RESULULLAH(SAV)'TAN KISSALAR | HAZRETİ MUSA İLE HIZIR



Said bin Cübeyr radıyallahu anh şöyle anlatıyor:

İbni Abbas radıyallahu anhe, Nevf Bekkali Hızır aleyhisselam ile arkadaşlık etmiş olan Musa'nın israil Oğullarına peygamber olarak gönderilen Musa olmadığını söylüyor, dedim de

— İbni Abbas radıyallahu anh: Yalan söylemiş, Allah'ın düşmanı! dedi Zira Ubeyy bin Ka'b radıyallahu anh bana Peygamber aleyhisselamı şöyle buyururken işittiğini anlatmıştır:

Musa aleyhisselam israil Oğulları arasında hutbe irad etmeye çıktı.

Dinleyicilerden birisi kendisine:

— İnsanların en alimi kimdir? diye sordu. Musa aleyhisselam da:

— Ben! diye cevap verdi.

ilmi kendisine nisbet edip en alim olanın Allah olduğunu söylememesi sebebiyle Allahü Teala kendisini kınayıp şöyle vahyetti:

— Benim iki denizin birleştiği noktada bir kulum vardır ki, o senden daha alimdir!

Musa aleyhisselam:

— Ey Rabbim, bu senin daha bilgili olan kuluna nasıl ulaşırım? diye sordu.

Allahü Teala:

— Bir balık alıp zenbile koyar ve beraber yola çıkarsın. Balık nerede zenbilden çıkıp kaybolursa, o kimseyle buluşacağın yer işte orasıdır, buyurdu.

Musa aleyhisselam zenbile bir balık koyup kendisine yardımcılık etmekte bulunan Yuşa bin Nün ismindeki genç ile beraber yola çıktı. Bir kayaya geldikleri zaman ikisi de o kayarın gölgesinde yatıp uyudular. Zenbildeki balık canlanıp çıktı, denize daldı ve denizdeki bir deliğe doğru yolunu tuttu. Allahü Teala da suyun akıntısını durdurdu. Balık su üzerine bina kemeri gibi olmuştu.

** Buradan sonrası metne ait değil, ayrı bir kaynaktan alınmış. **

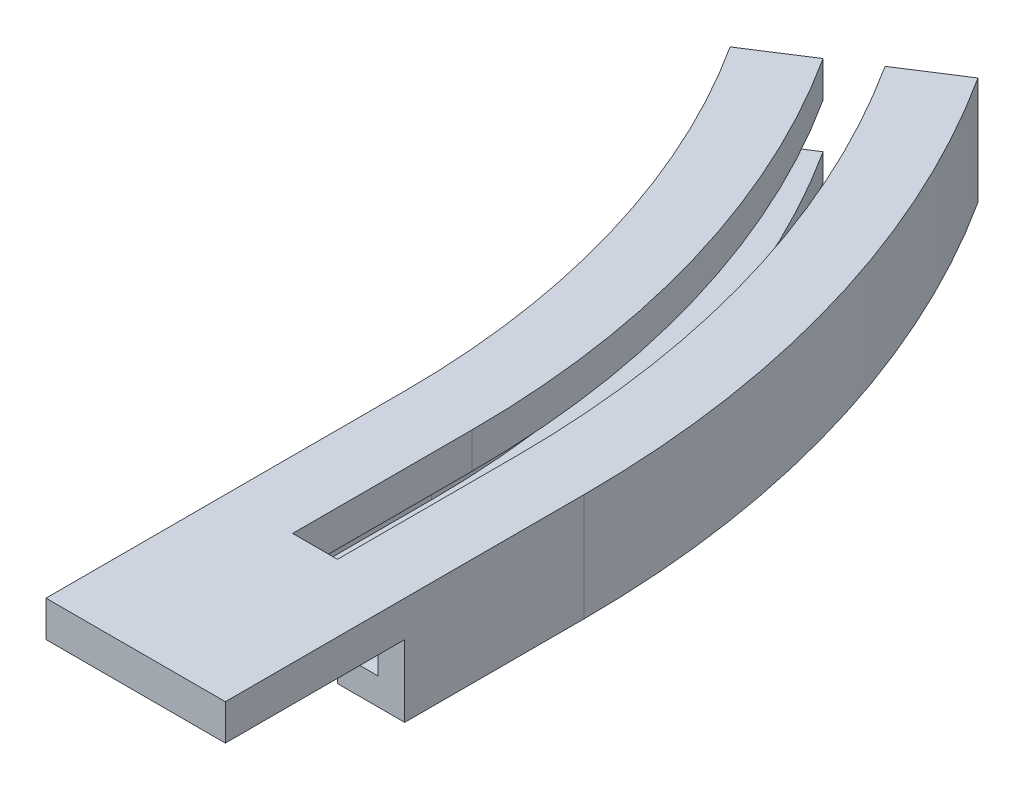
ISO-10303-21;
HEADER;
FILE_DESCRIPTION(('STEP AP214'),'2;1');
FILE_NAME('part.step','',(''),(''),'','','');
FILE_SCHEMA(('AUTOMOTIVE_DESIGN { 1 0 10303 214 1 1 1 1 }'));
ENDSEC;
DATA;
#1=APPLICATION_CONTEXT('core data for automotive mechanical design processes');
#2=APPLICATION_PROTOCOL_DEFINITION('international standard','automotive_design',2000,#1);
#3=PRODUCT_CONTEXT('',#1,'mechanical');
#4=PRODUCT('Part','Part','',(#3));
#5=PRODUCT_RELATED_PRODUCT_CATEGORY('part','',(#4));
#6=PRODUCT_DEFINITION_FORMATION('','',#4);
#7=PRODUCT_DEFINITION_CONTEXT('part definition',#1,'design');
#8=PRODUCT_DEFINITION('design','',#6,#7);
#9=PRODUCT_DEFINITION_SHAPE('','',#8);
#10=(LENGTH_UNIT() NAMED_UNIT(*) SI_UNIT(.MILLI.,.METRE.));
#11=(NAMED_UNIT(*) PLANE_ANGLE_UNIT() SI_UNIT($,.RADIAN.));
#12=(NAMED_UNIT(*) SI_UNIT($,.STERADIAN.) SOLID_ANGLE_UNIT());
#13=UNCERTAINTY_MEASURE_WITH_UNIT(LENGTH_MEASURE(1.E-05),#10,'distance_accuracy_value','');
#14=(GEOMETRIC_REPRESENTATION_CONTEXT(3) GLOBAL_UNCERTAINTY_ASSIGNED_CONTEXT((#13)) GLOBAL_UNIT_ASSIGNED_CONTEXT((#10,
#11,#12)) REPRESENTATION_CONTEXT('',''));
#15=CARTESIAN_POINT('',(0.,0.,0.));
#16=DIRECTION('',(0.,0.,1.));
#17=DIRECTION('',(1.,0.,0.));
#18=AXIS2_PLACEMENT_3D('',#15,#16,#17);
#19=CARTESIAN_POINT('',(0.,4.,0.));
#20=DIRECTION('',(-0.540827674130089,0.,-0.841133418011101));
#21=DIRECTION('',(-0.841133418011101,0.,0.540827674130089));
#22=AXIS2_PLACEMENT_3D('',#19,#20,#21);
#23=PLANE('',#22);
#24=DIRECTION('',(0.,1.,0.));
#25=VECTOR('',#24,1.);
#26=CARTESIAN_POINT('',(90.4218424361934,-39.,-58.1389749689846));
#27=LINE('',#26,#25);
#28=CARTESIAN_POINT('',(90.4218424361934,-8.,-58.1389749689846));
#29=VERTEX_POINT('',#28);
#30=CARTESIAN_POINT('',(90.4218424361934,-5.,-58.1389749689846));
#31=VERTEX_POINT('',#30);
#32=EDGE_CURVE('E249',#29,#31,#27,.T.);
#33=ORIENTED_EDGE('',*,*,#32,.T.);
#34=DIRECTION('',(0.84113341801112,0.,-0.54082767413006));
#35=VECTOR('',#34,1.);
#36=CARTESIAN_POINT('',(94.2069428172436,-5.,-60.5726995025703));
#37=LINE('',#36,#35);
#38=CARTESIAN_POINT('',(94.2069428172433,-5.,-60.57269950257));
#39=VERTEX_POINT('',#38);
#40=EDGE_CURVE('E304',#31,#39,#37,.T.);
#41=ORIENTED_EDGE('',*,*,#40,.T.);
#42=DIRECTION('',(0.,1.,0.));
#43=VECTOR('',#42,1.);
#44=CARTESIAN_POINT('',(94.206942817244,-5.,-60.5726995025704));
#45=LINE('',#44,#43);
#46=CARTESIAN_POINT('',(94.2069428172433,0.,-60.57269950257));
#47=VERTEX_POINT('',#46);
#48=EDGE_CURVE('E373',#39,#47,#45,.T.);
#49=ORIENTED_EDGE('',*,*,#48,.T.);
#50=DIRECTION('',(0.841133418011101,0.,-0.540827674130089));
#51=VECTOR('',#50,1.);
#52=CARTESIAN_POINT('',(0.,0.,0.));
#53=LINE('',#52,#51);
#54=CARTESIAN_POINT('',(90.4218424361934,0.,-58.1389749689846));
#55=VERTEX_POINT('',#54);
#56=EDGE_CURVE('E429',#55,#47,#53,.T.);
#57=ORIENTED_EDGE('',*,*,#56,.F.);
#58=DIRECTION('',(0.,-1.,0.));
#59=VECTOR('',#58,1.);
#60=CARTESIAN_POINT('',(90.4218424361934,4.,-58.1389749689846));
#61=LINE('',#60,#59);
#62=CARTESIAN_POINT('',(90.4218424361934,4.,-58.1389749689846));
#63=VERTEX_POINT('',#62);
#64=EDGE_CURVE('E472',#63,#55,#61,.T.);
#65=ORIENTED_EDGE('',*,*,#64,.F.);
#66=DIRECTION('',(0.841133418011101,0.,-0.540827674130089));
#67=VECTOR('',#66,1.);
#68=CARTESIAN_POINT('',(0.,4.,0.));
#69=LINE('',#68,#67);
#70=CARTESIAN_POINT('',(96.7303430712767,4.,-62.1951825249603));
#71=VERTEX_POINT('',#70);
#72=EDGE_CURVE('E395',#63,#71,#69,.T.);
#73=ORIENTED_EDGE('',*,*,#72,.T.);
#74=DIRECTION('',(0.,-1.,0.));
#75=VECTOR('',#74,1.);
#76=CARTESIAN_POINT('',(96.7303430712767,4.,-62.1951825249603));
#77=LINE('',#76,#75);
#78=CARTESIAN_POINT('',(96.7303430712767,-8.,-62.1951825249602));
#79=VERTEX_POINT('',#78);
#80=EDGE_CURVE('E269',#71,#79,#77,.T.);
#81=ORIENTED_EDGE('',*,*,#80,.T.);
#82=DIRECTION('',(0.841133418011101,0.,-0.54082767413009));
#83=VECTOR('',#82,1.);
#84=CARTESIAN_POINT('',(79.9076747110546,-8.,-51.3786290423585));
#85=LINE('',#84,#83);
#86=EDGE_CURVE('E264',#29,#79,#85,.T.);
#87=ORIENTED_EDGE('',*,*,#86,.F.);
#88=EDGE_LOOP('',(#33,#41,#49,#57,#65,#73,#81,#87));
#89=FACE_BOUND('',#88,.T.);
#90=ADVANCED_FACE('F77',(#89),#23,.T.);
#91=CARTESIAN_POINT('',(-1.15648231731783E-13,-5.,19.9999999999993));
#92=DIRECTION('',(0.,0.,-1.));
#93=DIRECTION('',(-1.,0.,0.));
#94=AXIS2_PLACEMENT_3D('',#91,#92,#93);
#95=PLANE('',#94);
#96=DIRECTION('',(-1.,0.,0.));
#97=VECTOR('',#96,1.);
#98=CARTESIAN_POINT('',(98.,-5.,20.));
#99=LINE('',#98,#97);
#100=CARTESIAN_POINT('',(112.,-5.,20.));
#101=VERTEX_POINT('',#100);
#102=CARTESIAN_POINT('',(107.5,-5.,20.));
#103=VERTEX_POINT('',#102);
#104=EDGE_CURVE('E280',#101,#103,#99,.T.);
#105=ORIENTED_EDGE('',*,*,#104,.T.);
#106=DIRECTION('',(0.,1.,0.));
#107=VECTOR('',#106,1.);
#108=CARTESIAN_POINT('',(107.5,-39.,20.));
#109=LINE('',#108,#107);
#110=CARTESIAN_POINT('',(107.5,-8.,20.));
#111=VERTEX_POINT('',#110);
#112=EDGE_CURVE('E499',#111,#103,#109,.T.);
#113=ORIENTED_EDGE('',*,*,#112,.F.);
#114=DIRECTION('',(-1.,0.,0.));
#115=VECTOR('',#114,1.);
#116=CARTESIAN_POINT('',(115.,-8.,20.));
#117=LINE('',#116,#115);
#118=CARTESIAN_POINT('',(115.,-8.,20.));
#119=VERTEX_POINT('',#118);
#120=EDGE_CURVE('E291',#119,#111,#117,.T.);
#121=ORIENTED_EDGE('',*,*,#120,.F.);
#122=DIRECTION('',(0.,1.,0.));
#123=VECTOR('',#122,1.);
#124=CARTESIAN_POINT('',(115.,-5.,20.));
#125=LINE('',#124,#123);
#126=CARTESIAN_POINT('',(115.,0.,20.));
#127=VERTEX_POINT('',#126);
#128=EDGE_CURVE('E369',#119,#127,#125,.T.);
#129=ORIENTED_EDGE('',*,*,#128,.T.);
#130=DIRECTION('',(-1.,0.,0.));
#131=VECTOR('',#130,1.);
#132=CARTESIAN_POINT('',(-1.15648231731783E-13,0.,19.9999999999993));
#133=LINE('',#132,#131);
#134=CARTESIAN_POINT('',(112.,0.,20.));
#135=VERTEX_POINT('',#134);
#136=EDGE_CURVE('E356',#127,#135,#133,.T.);
#137=ORIENTED_EDGE('',*,*,#136,.T.);
#138=DIRECTION('',(0.,1.,0.));
#139=VECTOR('',#138,1.);
#140=CARTESIAN_POINT('',(112.,-5.,20.));
#141=LINE('',#140,#139);
#142=EDGE_CURVE('E365',#101,#135,#141,.T.);
#143=ORIENTED_EDGE('',*,*,#142,.F.);
#144=EDGE_LOOP('',(#105,#113,#121,#129,#137,#143));
#145=FACE_BOUND('',#144,.T.);
#146=ADVANCED_FACE('F503',(#145),#95,.F.);
#147=CARTESIAN_POINT('',(0.,-5.,0.));
#148=DIRECTION('',(0.,-1.,0.));
#149=DIRECTION('',(0.,0.,-1.));
#150=AXIS2_PLACEMENT_3D('',#147,#148,#149);
#151=PLANE('',#150);
#152=ORIENTED_EDGE('',*,*,#40,.F.);
#153=CARTESIAN_POINT('',(0.,-5.,0.));
#154=DIRECTION('',(0.,-1.,0.));
#155=DIRECTION('',(0.,0.,-1.));
#156=AXIS2_PLACEMENT_3D('',#153,#154,#155);
#157=CIRCLE('',#156,107.5);
#158=CARTESIAN_POINT('',(107.5,-5.,0.));
#159=VERTEX_POINT('',#158);
#160=EDGE_CURVE('E254',#31,#159,#157,.T.);
#161=ORIENTED_EDGE('',*,*,#160,.T.);
#162=DIRECTION('',(0.,0.,1.));
#163=VECTOR('',#162,1.);
#164=CARTESIAN_POINT('',(107.5,-5.,0.));
#165=LINE('',#164,#163);
#166=EDGE_CURVE('E527',#159,#103,#165,.T.);
#167=ORIENTED_EDGE('',*,*,#166,.T.);
#168=ORIENTED_EDGE('',*,*,#104,.F.);
#169=DIRECTION('',(0.,0.,1.));
#170=VECTOR('',#169,1.);
#171=CARTESIAN_POINT('',(112.,-5.,0.));
#172=LINE('',#171,#170);
#173=CARTESIAN_POINT('',(112.,-5.,0.));
#174=VERTEX_POINT('',#173);
#175=EDGE_CURVE('E348',#174,#101,#172,.T.);
#176=ORIENTED_EDGE('',*,*,#175,.F.);
#177=CARTESIAN_POINT('',(0.,-5.,0.));
#178=DIRECTION('',(0.,-1.,0.));
#179=DIRECTION('',(0.,0.,-1.));
#180=AXIS2_PLACEMENT_3D('',#177,#178,#179);
#181=CIRCLE('',#180,112.);
#182=EDGE_CURVE('E344',#39,#174,#181,.T.);
#183=ORIENTED_EDGE('',*,*,#182,.F.);
#184=EDGE_LOOP('',(#152,#161,#167,#168,#176,#183));
#185=FACE_BOUND('',#184,.T.);
#186=ADVANCED_FACE('F525',(#185),#151,.F.);
#187=CARTESIAN_POINT('',(0.,-8.,0.));
#188=DIRECTION('',(0.,-1.,0.));
#189=DIRECTION('',(0.,0.,-1.));
#190=AXIS2_PLACEMENT_3D('',#187,#188,#189);
#191=PLANE('',#190);
#192=CARTESIAN_POINT('',(0.,-8.,0.));
#193=DIRECTION('',(0.,-1.,0.));
#194=DIRECTION('',(0.,0.,-1.));
#195=AXIS2_PLACEMENT_3D('',#192,#193,#194);
#196=CIRCLE('',#195,107.5);
#197=CARTESIAN_POINT('',(107.5,-8.,0.));
#198=VERTEX_POINT('',#197);
#199=EDGE_CURVE('E12',#29,#198,#196,.T.);
#200=ORIENTED_EDGE('',*,*,#199,.F.);
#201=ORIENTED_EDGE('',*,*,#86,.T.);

Bir rivayette ise: Kayanın dibinde «hayat» adı verilen bir pınar vardır ki, bunun suyu her hangi cansız bir şeye dokunursa, o şey hemen hayat bulur, canlanırdı, işte bu pınarın suyundan balığa isabet etmiş, bunun neticesi olarak da balık canlanarak zenbilden çıkıp denize dalmıştı.

Musa aleyhisselam uykudan uyanınca arkadaşı genç, balığın denize fırladığı , hadisesini kendisine bildirmeyi unutmuştu. Tekrar gündüz ve gecelerin kalan kısmında yollarına devam ettiler. Ertesi gün kuşluk zamanı olunca Musa aleyhisselam hizmetçisi delikanlıya:

— Yemeğimizi getir de yiyelim. Zira bu yolculuğumuzdan dolayı çok yorulduk, dedi.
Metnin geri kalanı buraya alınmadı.